# Delta/epsilon two variable limit

1. Apr 7, 2014

### iRaid

1. The problem statement, all variables and given/known data
In calculus 1, honestly, I never understood this as it just doesn't make sense. Now in multivariable calculus, it still doesn't make sense. After all these engineering, math, and science classes, I still cannot figure these problems out, and it pisses me off!! I would appreciate it if someone could explain this example to me...

Evaluate
$$\lim_{(x,y)\rightarrow (0,0)} \frac{5x^2y}{x^2+y^2}$$

2. Relevant equations

3. The attempt at a solution
This is an example problem, the book does not explain this well at all. The answer they get is: You can choose $\delta = \varepsilon /5$ and conclude that the limit = 0.
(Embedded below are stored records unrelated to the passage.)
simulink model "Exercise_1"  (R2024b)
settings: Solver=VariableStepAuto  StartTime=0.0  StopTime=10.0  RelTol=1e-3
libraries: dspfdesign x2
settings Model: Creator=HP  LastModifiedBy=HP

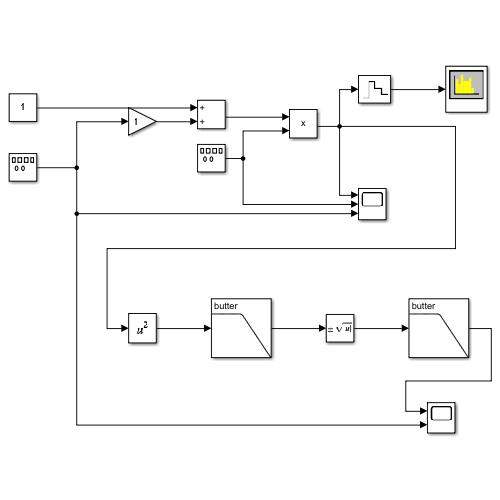
[thumbnail: Simulink's stored preview of the top-level diagram]
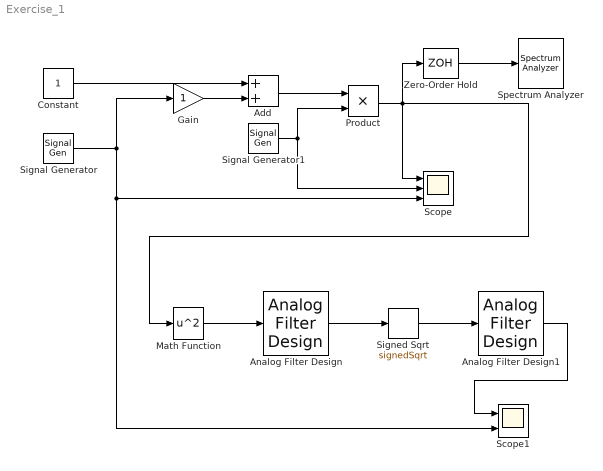
== system Exercise_1 ==
  Add : Sum
  Analog Filter Design : dspfdesign/Analog Filter Design  method=Butterworth  filttype=Lowpass  N=8  Wlo=30  Whi=80  Rp=2  Rs=40
  Analog Filter Design1 : dspfdesign/Analog Filter Design  method=Butterworth  filttype=Lowpass  N=8  Wlo=30  Whi=80  Rp=2  Rs=40
  Constant : Constant
  Gain : Gain
  Math Function : Math  Operator=square
  Product : Product
  Scope : Scope  NumInputPorts=3
  Scope1 : Scope  NumInputPorts=2
  Signal Generator : SignalGenerator  Frequency=2000
  Signal Generator1 : SignalGenerator  Amplitude=2  Frequency=20000
  Signed Sqrt : Sqrt  Operator=signedSqrt
  Spectrum Analyzer : SpectrumAnalyzer  WindowPosition=[1.000000,41.000000,1536.000000,800.000000,]  ScopeFrameLocation=window  SampleRate=44.1e3  PlotAsTwoSidedSpectrum=off  FrequencyScale=Log  WindowInvariantSamplesPerUpdate=on  FrequencySpan=Start and stop frequencies  StartFrequency=20  StopFrequency=20e3  YLimits=[-146.51259882,45.80725898]
  Zero-Order Hold : ZeroOrderHold  SampleTime=-1
  wires:
  Zero-Order Hold/1 -> Spectrum Analyzer/1
  Constant/1 -> Add/1
  Add/1 -> Product/1
  Signal Generator/1 -> Scope/3, Scope1/2, Gain/1
  Signal Generator1/1 -> Product/2, Scope/2
  Analog Filter Design/1 -> Signed Sqrt/1
  Signed Sqrt/1 -> Analog Filter Design1/1
  Analog Filter Design1/1 -> Scope1/1
  Math Function/1 -> Analog Filter Design/1
  Product/1 -> Zero-Order Hold/1, Scope/1, Math Function/1
  Gain/1 -> Add/2

I don't even see how they just (seemingly) magically conclude that.
Any help is appreciated.

2. Apr 7, 2014

### LCKurtz

Try expressing the variables in polar coordinates. $(x,y)\to (0,0)$ is the same as $r\to 0$.

3. Apr 7, 2014

### az_lender

The definition of a limit would imply that the limit will be 0 if, for every small positive ε, there exists some δ such that |5xy2/(x2 + y2)| < ε whenever the distance from (x,y) to (0,0) is less than δ. We're can always ignore LARGE values of ε, so just assume ε < 1 (you'll see why).

If x2+y2 < δ2, you know that x2 <= (x2+y2) < δ2 < δ; the last inequality depends on δ < ε < 1. So if δ = ε/5, then 5x2 < 5δ = ε. And you know that y/(x2+y2) is sin(θ), whose absolute value is <= 1. That proves the absolute value of the entire fraction is smaller than ε.

4. Apr 7, 2014

### LCKurtz

No, $\frac y {\sqrt{x^2+y^2}}=\sin\theta$.

5. Apr 7, 2014

### iRaid

So I can just change these functions into polar coordinates and solve that way?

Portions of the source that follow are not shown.